Mère, j’ai quitté les ténèbres de ton ventre
pour les fruits et le sucre de l’été
le soleil blanc, long comme le fleuve de nos ancêtres, coulait.
Je n’eus pas à apprendre le sourire, qu’inscrivit sur moi
l’éblouissement du jour.
Dans le jardin, les pins tendaient leurs aiguilles
comme de minuscules ennemis
que sans cesse il fallait repousser
pour ne pas qu’ils pénètrent dans le royaume lumineux
de mes yeux et de ma bouche.
Les paons du jour et les piérides protecteurs
voletaient dans les rayons :
alors les aiguilles retournaient à la nuit des arbres.

Valérie Rouzeau : Valérie Rouzeau est une poétesse extrêmement reconnue dans le monde des lettres, depuis le bouleversant Pas revoir, qui est l’un des livres les plus justes écrits sur l’expérience du deuil. Rouzeau dit (et, en le disant, implicitement le blâme) ce monde qui étouffe les individualités pour les clouer à l’impératif du paraître, duquel nous ne pouvons sortir qu’en étant aussitôt déconsidérés par nossemblables. Valérie Rouzeau s’inscrit dans le présent le plus présent, dans le quotidien le plus quotidien, composant des sonnets qui sont des instantanés de trajets, de rendez-vous…, d’événements infimes qui font toute la circulation du sang d’une journée…, et qui, en tant qu’instantanés, se veulent le plus justement possible proches de ce dont ils parlent.

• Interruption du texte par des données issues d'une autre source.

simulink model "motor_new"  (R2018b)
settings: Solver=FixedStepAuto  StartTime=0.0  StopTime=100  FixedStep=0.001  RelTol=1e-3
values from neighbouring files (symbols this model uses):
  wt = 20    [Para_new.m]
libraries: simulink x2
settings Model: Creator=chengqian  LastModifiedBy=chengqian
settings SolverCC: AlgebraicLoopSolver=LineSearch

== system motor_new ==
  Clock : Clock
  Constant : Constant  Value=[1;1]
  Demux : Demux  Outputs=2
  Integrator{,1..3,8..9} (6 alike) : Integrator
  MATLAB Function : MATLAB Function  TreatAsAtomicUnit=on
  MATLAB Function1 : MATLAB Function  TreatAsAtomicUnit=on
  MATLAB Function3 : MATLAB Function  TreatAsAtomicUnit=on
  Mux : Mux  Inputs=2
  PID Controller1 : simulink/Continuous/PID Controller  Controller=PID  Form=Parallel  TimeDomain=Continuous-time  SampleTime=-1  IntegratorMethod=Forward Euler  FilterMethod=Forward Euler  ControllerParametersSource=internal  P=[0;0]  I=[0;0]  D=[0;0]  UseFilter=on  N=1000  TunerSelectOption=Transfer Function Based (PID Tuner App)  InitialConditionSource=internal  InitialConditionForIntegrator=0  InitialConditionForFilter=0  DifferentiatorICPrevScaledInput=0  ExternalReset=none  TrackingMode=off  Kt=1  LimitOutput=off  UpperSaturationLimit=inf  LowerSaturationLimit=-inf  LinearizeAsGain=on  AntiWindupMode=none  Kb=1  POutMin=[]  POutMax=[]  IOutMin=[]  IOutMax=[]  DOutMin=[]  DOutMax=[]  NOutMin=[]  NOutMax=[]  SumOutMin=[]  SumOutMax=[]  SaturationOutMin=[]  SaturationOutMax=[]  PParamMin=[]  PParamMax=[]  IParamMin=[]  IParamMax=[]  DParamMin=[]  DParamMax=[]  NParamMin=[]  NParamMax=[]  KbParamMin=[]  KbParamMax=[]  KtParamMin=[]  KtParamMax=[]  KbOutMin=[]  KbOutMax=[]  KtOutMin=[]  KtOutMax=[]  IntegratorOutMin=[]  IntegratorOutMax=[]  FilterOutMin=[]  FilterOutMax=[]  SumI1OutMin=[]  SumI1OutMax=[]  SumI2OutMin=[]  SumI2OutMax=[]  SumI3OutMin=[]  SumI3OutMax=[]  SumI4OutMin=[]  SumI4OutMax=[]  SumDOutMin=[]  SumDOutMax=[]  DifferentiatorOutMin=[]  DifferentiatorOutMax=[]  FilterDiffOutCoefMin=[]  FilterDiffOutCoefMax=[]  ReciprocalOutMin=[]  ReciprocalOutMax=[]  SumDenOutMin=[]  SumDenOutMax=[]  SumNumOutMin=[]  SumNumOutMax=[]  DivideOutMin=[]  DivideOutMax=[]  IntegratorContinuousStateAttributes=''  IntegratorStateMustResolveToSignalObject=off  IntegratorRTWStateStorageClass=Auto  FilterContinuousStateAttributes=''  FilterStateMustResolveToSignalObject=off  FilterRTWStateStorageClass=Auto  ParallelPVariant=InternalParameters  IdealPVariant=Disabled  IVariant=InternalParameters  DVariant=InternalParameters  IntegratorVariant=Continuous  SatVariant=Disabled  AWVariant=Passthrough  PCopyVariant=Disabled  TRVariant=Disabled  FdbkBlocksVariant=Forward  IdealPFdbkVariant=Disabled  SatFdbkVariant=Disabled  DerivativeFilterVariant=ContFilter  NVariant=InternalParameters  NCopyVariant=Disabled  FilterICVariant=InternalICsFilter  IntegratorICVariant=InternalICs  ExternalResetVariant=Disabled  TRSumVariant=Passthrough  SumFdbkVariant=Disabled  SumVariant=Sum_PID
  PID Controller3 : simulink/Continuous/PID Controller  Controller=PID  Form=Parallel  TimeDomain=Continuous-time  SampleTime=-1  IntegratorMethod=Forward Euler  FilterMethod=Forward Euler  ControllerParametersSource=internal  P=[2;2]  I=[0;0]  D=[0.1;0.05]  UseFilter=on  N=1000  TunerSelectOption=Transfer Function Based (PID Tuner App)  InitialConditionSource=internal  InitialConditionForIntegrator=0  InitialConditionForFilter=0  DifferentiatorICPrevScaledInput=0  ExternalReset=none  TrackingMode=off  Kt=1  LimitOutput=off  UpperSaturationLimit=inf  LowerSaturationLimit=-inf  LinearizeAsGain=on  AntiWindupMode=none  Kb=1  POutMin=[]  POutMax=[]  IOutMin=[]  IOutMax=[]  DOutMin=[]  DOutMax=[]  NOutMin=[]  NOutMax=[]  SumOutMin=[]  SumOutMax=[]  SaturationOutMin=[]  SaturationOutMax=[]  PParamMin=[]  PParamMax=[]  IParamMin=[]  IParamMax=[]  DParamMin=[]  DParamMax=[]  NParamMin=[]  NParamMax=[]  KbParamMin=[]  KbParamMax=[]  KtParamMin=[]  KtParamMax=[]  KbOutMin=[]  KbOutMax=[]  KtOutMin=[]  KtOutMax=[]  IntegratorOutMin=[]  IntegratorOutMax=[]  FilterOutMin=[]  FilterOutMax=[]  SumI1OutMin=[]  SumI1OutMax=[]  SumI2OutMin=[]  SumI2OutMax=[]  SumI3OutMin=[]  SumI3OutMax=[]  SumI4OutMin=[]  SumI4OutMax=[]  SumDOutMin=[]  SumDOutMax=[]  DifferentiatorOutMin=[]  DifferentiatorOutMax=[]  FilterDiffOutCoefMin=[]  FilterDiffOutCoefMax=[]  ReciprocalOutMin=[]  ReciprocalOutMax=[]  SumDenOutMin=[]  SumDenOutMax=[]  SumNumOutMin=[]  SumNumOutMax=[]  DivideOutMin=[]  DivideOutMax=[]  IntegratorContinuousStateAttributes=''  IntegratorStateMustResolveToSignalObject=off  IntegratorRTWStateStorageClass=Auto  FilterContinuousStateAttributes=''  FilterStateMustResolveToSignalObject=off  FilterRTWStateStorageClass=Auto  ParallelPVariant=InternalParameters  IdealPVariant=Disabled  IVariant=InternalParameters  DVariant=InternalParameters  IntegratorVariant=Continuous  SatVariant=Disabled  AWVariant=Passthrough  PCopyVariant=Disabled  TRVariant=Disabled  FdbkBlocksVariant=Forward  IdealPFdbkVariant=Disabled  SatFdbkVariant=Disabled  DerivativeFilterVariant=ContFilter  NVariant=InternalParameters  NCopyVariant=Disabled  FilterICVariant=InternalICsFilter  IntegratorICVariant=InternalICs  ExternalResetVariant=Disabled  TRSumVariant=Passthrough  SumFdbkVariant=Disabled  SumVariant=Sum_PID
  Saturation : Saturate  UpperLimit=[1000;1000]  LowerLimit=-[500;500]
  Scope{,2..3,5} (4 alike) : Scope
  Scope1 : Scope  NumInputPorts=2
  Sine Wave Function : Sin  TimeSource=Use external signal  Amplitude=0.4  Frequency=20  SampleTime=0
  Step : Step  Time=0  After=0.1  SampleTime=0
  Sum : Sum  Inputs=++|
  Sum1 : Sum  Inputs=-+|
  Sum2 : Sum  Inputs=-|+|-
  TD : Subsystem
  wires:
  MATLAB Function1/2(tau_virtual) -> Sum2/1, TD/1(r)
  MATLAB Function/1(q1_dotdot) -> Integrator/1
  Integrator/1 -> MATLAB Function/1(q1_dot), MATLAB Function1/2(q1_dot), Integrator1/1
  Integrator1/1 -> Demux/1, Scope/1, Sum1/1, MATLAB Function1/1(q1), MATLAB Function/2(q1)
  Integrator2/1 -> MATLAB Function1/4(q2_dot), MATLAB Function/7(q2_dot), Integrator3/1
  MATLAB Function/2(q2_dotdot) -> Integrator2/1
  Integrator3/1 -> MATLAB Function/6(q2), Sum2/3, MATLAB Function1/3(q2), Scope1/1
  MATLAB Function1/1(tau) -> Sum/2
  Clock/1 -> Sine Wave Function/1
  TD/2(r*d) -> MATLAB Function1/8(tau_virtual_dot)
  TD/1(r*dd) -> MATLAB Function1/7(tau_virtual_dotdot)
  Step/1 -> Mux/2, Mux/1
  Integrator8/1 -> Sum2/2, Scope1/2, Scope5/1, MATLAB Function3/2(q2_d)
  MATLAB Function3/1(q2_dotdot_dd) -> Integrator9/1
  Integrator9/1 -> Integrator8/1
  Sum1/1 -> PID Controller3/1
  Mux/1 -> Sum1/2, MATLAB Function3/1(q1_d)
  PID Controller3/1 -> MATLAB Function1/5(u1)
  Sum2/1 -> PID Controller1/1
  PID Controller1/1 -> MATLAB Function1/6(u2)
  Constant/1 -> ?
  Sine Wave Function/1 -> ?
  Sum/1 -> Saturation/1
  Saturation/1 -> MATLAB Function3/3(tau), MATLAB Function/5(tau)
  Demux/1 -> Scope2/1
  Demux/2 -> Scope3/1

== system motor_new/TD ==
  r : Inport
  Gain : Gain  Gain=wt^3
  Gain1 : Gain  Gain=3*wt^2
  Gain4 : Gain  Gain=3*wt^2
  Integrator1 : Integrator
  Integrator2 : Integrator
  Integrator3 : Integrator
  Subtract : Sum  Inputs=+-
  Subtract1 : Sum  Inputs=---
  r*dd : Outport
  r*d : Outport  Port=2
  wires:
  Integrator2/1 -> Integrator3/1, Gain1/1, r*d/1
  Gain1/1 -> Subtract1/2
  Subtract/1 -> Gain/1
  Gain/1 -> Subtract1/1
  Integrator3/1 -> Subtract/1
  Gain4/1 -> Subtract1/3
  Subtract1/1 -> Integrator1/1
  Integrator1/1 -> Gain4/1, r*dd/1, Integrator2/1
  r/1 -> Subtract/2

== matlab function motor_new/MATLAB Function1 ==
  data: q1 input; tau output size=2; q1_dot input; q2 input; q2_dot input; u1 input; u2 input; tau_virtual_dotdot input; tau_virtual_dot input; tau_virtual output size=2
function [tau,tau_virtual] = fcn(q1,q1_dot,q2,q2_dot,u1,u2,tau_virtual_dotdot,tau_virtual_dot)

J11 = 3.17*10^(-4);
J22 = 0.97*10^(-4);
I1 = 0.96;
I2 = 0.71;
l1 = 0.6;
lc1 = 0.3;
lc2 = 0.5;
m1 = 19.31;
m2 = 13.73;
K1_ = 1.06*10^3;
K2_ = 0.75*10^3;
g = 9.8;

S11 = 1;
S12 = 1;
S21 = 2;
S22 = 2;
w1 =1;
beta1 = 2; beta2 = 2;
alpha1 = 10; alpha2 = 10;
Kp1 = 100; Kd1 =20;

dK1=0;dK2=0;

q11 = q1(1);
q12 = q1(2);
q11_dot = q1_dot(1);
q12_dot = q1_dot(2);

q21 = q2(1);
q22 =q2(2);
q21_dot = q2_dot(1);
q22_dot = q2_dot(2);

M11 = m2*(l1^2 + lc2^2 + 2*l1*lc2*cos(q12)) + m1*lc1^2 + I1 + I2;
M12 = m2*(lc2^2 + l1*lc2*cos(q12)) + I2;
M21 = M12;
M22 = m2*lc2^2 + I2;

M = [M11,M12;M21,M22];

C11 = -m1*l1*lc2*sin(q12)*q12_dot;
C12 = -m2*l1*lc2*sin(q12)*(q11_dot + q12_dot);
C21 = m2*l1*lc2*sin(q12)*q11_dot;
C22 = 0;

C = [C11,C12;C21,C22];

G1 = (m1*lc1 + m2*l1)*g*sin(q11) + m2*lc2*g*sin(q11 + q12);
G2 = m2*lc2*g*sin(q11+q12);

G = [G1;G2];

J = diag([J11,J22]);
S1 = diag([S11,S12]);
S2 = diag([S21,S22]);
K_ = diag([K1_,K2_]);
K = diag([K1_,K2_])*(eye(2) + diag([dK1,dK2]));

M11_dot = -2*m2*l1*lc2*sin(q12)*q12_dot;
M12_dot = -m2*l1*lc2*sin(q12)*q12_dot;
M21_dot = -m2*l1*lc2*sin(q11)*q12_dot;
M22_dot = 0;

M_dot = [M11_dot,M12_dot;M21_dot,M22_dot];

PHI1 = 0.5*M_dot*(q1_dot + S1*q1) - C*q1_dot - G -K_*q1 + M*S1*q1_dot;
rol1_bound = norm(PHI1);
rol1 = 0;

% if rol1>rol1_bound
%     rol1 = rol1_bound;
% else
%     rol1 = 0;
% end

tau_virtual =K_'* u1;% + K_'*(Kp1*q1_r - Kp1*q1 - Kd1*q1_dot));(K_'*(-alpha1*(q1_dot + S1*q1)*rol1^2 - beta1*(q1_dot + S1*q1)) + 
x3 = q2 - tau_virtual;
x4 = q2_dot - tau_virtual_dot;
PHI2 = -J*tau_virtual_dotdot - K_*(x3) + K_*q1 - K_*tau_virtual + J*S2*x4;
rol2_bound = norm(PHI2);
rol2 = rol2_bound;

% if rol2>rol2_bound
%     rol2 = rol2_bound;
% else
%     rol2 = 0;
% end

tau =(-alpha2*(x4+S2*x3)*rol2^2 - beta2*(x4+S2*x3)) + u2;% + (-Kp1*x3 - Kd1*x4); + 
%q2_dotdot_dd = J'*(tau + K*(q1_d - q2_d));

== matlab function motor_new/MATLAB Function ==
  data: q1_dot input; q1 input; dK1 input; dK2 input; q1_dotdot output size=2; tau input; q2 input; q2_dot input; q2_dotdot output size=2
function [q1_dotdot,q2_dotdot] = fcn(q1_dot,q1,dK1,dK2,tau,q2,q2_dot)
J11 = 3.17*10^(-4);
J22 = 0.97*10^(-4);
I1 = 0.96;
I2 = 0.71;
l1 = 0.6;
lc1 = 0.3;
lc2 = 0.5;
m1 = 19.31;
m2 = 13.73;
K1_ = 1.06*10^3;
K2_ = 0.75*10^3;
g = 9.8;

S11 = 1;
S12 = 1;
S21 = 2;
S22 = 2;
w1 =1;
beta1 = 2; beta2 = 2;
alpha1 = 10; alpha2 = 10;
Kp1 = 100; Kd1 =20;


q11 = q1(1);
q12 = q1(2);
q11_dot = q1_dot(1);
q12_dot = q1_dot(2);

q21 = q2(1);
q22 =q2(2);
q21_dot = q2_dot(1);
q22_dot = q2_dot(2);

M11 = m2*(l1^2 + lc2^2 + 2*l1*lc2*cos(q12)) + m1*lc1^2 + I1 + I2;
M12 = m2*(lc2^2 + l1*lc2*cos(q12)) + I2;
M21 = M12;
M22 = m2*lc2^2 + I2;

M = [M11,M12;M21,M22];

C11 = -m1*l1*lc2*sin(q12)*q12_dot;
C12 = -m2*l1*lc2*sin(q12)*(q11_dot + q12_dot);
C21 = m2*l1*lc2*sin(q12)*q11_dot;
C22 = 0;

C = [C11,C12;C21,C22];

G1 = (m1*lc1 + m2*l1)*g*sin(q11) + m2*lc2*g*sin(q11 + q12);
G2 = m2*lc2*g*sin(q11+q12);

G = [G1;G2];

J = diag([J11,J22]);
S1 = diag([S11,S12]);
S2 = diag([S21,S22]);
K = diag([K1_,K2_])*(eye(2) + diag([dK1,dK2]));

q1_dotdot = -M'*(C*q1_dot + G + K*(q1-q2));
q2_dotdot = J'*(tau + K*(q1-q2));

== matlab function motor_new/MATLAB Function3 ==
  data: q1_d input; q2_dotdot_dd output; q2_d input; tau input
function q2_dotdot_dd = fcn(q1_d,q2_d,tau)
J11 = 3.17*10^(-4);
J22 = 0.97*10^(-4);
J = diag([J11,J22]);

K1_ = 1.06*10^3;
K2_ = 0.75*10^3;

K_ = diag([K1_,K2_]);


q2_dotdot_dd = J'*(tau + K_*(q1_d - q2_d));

Orpheline Innombrable Orpheline.
J’ai sept ans Je me sens Comme petite vieille en fleur.
De quoi les rêves sont-ils faits
Quelqu’un m’a-t-il jamais aimée.

Sapho : Sapho est née à Marrakech. Issue d’une famille juive, elle passe son enfance et son adolescence dans ce pays jusqu’à l’âge de 16 ans, date de la décolonisation du Maroc. Avec ses parents, elle part pour la France. Militante depuis maintenant de nombreuses années pour le rapprochement israélo-palestinien, Sapho se produit en mars 98 à Gaza, territoire palestinien occupé par Israël. La situation est tendue et les conditions dans lesquelles se déroule le spectacle sont difficiles. Pourtant la chanteuse est déterminée. Le succès qu’elle rencontre à cette occasion, ne fait que confirmer ses sentiments et ses opinions.

La page tentante
Le silence
Le temps blanc

S’abstenir ?

Non
Aucun homme ne s’abstient

Un prix spécial sera remis à la maison d’édition Janus et à ses deux éditrices, Luce et Eléonore James, pour un recueil – collectif  : « Dehors, recueil sans abri », conçu à l’intention et au profit d’une association humanitaire d’aide aux sans abri.